Our story
An old art, played out in a new room on the Danforth.
Improv didn’t start with us, and it didn’t start in a comedy club. It started with kids playing games at a Chicago settlement house almost a century ago. SoCap is one of the rooms where that tradition keeps going — two floors above the Danforth, most nights of the week.
Where it came from
The philosophy: everyone can play.
In 1920s Chicago, a recreation worker named Viola Spolin learned a simple idea from her mentor Neva Boyd at Hull House: kids learn best, and most freely, through play. Spolin spent decades turning that idea into a set of “theater games” — exercises that quiet the self-conscious, judging part of the brain and let ordinary people be spontaneous on their feet.
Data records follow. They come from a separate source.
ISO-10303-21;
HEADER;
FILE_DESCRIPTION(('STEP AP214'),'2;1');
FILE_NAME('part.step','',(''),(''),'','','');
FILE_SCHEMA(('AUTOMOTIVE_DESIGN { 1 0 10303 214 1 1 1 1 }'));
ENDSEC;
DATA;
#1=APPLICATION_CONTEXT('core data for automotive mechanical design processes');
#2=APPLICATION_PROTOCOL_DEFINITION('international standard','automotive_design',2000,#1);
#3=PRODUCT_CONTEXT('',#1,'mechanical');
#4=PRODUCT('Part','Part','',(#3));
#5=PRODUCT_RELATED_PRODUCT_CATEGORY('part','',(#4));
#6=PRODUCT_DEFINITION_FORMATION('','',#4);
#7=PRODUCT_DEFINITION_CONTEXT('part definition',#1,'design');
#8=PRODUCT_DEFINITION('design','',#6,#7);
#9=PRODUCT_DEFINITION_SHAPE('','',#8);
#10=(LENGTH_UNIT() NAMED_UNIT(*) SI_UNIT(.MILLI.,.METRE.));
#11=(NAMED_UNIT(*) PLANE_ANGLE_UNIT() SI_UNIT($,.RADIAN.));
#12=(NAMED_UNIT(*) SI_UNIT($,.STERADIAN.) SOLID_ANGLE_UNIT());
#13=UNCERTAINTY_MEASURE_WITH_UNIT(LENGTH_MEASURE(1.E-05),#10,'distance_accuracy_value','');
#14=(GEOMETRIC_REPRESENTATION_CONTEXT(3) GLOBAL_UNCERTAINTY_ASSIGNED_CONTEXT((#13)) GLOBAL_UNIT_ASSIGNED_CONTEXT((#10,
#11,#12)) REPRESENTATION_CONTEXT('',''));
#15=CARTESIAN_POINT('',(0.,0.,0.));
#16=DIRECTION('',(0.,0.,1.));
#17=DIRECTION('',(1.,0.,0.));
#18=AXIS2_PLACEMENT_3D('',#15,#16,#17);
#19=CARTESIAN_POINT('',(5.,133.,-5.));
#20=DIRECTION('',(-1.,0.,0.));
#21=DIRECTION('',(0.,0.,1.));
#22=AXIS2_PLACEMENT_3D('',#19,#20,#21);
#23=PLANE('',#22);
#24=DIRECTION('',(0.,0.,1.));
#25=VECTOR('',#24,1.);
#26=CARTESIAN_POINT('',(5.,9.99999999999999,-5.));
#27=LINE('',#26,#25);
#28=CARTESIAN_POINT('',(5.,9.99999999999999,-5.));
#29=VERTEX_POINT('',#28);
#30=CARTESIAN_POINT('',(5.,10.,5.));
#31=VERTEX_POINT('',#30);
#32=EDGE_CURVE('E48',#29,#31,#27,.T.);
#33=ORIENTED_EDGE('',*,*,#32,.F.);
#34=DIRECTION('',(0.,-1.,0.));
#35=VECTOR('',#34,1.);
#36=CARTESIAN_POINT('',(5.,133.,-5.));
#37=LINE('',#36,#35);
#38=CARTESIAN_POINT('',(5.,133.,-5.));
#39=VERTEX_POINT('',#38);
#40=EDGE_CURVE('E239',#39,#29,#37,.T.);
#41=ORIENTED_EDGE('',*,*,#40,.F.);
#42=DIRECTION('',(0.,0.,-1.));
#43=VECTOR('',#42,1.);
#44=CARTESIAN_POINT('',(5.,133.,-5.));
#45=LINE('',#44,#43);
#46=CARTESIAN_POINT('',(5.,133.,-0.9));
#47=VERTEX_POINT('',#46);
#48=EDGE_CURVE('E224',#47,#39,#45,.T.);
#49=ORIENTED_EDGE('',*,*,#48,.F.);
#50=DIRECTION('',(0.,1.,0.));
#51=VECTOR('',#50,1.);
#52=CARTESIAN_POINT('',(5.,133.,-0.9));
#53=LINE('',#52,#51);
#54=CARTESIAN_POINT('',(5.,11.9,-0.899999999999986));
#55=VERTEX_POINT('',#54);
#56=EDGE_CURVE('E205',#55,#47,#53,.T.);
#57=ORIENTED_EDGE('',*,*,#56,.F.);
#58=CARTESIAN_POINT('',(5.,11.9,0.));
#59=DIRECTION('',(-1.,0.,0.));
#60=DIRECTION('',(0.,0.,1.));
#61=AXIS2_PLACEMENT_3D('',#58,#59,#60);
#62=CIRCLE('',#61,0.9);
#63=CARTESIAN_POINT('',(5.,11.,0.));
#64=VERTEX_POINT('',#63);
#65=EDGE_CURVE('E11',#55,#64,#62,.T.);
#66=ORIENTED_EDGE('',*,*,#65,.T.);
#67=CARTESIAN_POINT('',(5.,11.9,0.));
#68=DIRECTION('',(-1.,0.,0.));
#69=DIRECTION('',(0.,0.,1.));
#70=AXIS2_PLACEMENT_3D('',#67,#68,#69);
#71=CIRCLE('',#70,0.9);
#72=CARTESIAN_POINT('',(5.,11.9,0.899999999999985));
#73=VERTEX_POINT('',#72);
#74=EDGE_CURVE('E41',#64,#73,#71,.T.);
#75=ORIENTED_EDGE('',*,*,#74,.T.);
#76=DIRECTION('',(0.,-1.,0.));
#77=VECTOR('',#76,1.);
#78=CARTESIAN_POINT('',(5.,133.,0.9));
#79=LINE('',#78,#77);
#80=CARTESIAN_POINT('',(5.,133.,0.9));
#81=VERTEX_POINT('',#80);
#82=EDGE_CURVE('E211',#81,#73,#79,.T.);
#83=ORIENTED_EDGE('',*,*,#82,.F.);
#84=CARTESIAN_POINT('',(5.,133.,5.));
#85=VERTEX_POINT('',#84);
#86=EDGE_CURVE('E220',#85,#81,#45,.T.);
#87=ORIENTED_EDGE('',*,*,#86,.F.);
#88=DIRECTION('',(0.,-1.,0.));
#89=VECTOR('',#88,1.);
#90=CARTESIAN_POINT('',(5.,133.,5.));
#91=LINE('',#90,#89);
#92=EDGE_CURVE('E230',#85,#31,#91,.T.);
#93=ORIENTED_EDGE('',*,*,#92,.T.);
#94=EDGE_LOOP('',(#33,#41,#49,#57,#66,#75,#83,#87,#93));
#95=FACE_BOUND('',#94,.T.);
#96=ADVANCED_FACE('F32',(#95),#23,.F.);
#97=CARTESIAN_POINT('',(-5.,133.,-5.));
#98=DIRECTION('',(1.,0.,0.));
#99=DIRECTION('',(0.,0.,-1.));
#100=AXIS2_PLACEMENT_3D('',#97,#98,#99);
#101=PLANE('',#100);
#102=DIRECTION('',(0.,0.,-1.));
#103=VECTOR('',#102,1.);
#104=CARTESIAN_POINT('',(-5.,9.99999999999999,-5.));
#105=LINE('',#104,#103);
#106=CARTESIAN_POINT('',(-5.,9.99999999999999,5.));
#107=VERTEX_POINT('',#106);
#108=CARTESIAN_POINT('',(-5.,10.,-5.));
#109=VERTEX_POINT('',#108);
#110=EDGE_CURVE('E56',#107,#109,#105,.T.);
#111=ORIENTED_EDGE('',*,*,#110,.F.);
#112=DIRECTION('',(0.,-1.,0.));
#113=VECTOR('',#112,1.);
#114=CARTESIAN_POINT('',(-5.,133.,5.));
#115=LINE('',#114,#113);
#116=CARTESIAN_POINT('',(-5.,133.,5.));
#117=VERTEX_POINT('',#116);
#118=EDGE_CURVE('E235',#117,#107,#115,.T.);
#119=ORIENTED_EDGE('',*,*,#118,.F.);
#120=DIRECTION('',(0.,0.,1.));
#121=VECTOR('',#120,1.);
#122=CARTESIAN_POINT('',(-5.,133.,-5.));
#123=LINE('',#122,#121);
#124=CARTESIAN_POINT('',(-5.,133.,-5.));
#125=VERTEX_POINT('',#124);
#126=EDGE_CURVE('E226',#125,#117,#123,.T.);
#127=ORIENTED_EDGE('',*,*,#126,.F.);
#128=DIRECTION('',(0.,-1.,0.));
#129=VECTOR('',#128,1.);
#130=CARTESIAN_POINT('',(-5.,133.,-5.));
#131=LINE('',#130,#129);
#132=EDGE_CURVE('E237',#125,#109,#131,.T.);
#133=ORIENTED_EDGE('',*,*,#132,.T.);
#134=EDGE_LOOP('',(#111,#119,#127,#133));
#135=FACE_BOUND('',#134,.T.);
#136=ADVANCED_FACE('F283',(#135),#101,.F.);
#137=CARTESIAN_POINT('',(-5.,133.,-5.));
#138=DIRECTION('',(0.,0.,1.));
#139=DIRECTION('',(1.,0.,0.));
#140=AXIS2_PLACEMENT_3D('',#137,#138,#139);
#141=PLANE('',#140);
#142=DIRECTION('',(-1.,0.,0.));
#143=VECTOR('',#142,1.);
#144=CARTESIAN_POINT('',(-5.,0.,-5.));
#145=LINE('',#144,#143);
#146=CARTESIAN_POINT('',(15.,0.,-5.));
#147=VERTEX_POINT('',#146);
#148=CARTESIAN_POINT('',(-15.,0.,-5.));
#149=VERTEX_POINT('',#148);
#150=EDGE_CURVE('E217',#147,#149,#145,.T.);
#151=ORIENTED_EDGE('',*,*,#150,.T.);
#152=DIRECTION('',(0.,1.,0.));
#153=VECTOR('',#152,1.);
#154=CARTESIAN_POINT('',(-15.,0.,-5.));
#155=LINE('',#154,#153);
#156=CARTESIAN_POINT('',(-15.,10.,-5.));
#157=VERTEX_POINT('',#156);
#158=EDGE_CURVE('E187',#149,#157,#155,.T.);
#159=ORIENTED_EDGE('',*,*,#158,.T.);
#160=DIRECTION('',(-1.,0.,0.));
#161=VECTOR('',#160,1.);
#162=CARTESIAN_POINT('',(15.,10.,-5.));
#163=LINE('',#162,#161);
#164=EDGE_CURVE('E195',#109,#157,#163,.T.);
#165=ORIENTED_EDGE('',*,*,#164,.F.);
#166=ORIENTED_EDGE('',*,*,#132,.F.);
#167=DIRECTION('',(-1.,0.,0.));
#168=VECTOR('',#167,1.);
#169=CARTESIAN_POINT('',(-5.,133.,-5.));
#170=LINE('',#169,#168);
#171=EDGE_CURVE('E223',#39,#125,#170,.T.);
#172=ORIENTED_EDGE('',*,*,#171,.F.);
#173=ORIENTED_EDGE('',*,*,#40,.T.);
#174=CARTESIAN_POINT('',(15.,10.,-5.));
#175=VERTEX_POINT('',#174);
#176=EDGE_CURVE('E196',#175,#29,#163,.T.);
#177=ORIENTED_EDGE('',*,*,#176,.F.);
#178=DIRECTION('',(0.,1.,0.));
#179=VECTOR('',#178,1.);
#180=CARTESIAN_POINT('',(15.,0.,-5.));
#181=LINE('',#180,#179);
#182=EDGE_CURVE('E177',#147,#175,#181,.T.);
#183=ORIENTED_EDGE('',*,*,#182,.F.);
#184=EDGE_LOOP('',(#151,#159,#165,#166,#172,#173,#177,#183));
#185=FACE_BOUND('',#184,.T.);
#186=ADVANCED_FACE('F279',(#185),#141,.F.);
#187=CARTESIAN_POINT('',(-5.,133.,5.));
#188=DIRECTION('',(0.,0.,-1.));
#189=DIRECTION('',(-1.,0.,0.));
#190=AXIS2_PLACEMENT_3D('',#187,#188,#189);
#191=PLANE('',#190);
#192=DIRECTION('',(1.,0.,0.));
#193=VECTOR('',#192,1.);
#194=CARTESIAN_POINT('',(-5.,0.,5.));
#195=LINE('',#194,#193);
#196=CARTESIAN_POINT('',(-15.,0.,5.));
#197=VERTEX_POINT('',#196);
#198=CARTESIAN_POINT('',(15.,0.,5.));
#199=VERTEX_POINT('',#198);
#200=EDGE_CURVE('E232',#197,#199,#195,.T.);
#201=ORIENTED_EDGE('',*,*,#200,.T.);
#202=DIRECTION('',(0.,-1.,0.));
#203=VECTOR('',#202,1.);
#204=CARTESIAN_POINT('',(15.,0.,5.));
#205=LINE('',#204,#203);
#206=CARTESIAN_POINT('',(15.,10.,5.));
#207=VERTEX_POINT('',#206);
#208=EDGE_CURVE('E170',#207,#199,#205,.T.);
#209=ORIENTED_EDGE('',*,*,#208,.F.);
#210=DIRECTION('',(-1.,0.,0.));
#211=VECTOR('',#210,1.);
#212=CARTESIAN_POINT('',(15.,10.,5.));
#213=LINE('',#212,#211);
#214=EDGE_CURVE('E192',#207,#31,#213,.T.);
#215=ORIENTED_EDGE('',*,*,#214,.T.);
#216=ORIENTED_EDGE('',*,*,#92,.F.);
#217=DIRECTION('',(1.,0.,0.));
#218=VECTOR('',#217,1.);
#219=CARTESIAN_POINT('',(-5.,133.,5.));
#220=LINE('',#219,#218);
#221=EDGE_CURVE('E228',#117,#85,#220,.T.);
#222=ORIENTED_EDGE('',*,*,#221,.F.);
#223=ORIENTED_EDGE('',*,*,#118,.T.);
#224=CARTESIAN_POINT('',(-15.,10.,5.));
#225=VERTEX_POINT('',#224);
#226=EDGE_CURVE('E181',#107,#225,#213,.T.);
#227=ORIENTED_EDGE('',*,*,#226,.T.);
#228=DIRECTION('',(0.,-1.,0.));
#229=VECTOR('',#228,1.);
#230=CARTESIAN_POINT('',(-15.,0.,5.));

Her conviction, written into her 1963 book Improvisation for the Theater, still runs through every class we teach: “Everyone can act. Everyone can improvise.” Talent, she believed, was just a greater capacity for experiencing — something anyone can build.
Spolin’s son, Paul Sills, took those games and built the first improvised theatre in America — the Compass Players (1955) — which grew into The Second City. In Chicago, Del Close pushed the work longer and braver, shaping the long-form “Harold” and the ethic every improviser still lives by: listen, accept the offer, and say yes, and…
Then, in Calgary in 1977, director Keith Johnstone invented Theatresports — improv staged as a good-natured competition, borrowing the heat of pro wrestling to pull an audience in. That’s the thread that found its way to Toronto.
Toronto, the ’90s
Learning the form, one set at a time.
Long before there was a SoCap, there were troupes grinding out weekly sets in church basements and back rooms — the same way improvisers have always come up. The Standins were one of them. Faces from rooms like this went on to teach, direct, and build the stages the next generation learned on.

How we got here
A straight line from Harbourfront to the Danforth.
SoCap isn’t a startup that discovered improv. It’s the latest room in a Toronto lineage four decades deep — carried, stage to stage, by the people who kept teaching it.
1982
Theatresports Toronto
Johnstone's Theatresports lands in Toronto with weekly shows at Harbourfront — the start of the city's longest continually running improv tradition.
2003
Bad Dog Theatre Company
Theatresports Toronto is reinvented as Bad Dog Theatre and opens a home on Danforth Ave. The push was led by the artistic trio of Kerry Griffin, Marcel St. Pierre, and Ralph MacLeod.
2014
The Social Capital Theatre
Ralph MacLeod helps open SoCap at 154 Danforth Ave, above the Black Swan — a multi-form room running improv, sketch, stand-up, and storytelling, with a school attached.
Today
SoCap Comedy
Classes for total beginners, live comedy most nights, and a stage that still runs on the oldest rule in the form: say yes, and see what happens.
What we believe
The rules are simple. Living them is the fun part.
Yes, and
Accept what your partner gives you, then add to it. It works on stage, and it works the second you walk back out the door.
Make your partner look good
The best improvisers aren't the funniest people in the room — they're the ones who make everyone around them funnier.
You don't need to be funny
Trying to be funny is what trips people up. We teach listening and presence. The laughs show up on their own.
Talent isn't the price of entry
Spolin had it right: anyone who wants to can learn to play. Our room is built for the nervous first-timer most of all.

We don’t take ourselves too seriously
Commit to the bit. Even the bad ones.
That’s SoCap co-founder Ralph MacLeod on the left, co-starring opposite the impressionist Fred Travalena — “the Man of a Thousand Faces” — in a no-budget basketball horror flick that history has not been kind to. Legend has it Travalena auditioned for Saturday Night Live 17 times and was never once cast.
He kept showing up anyway. That’s the whole game, really — commit fully, take the swing, and don’t wait for permission to be in the scene. The room you’re looking for might be the one you build yourself.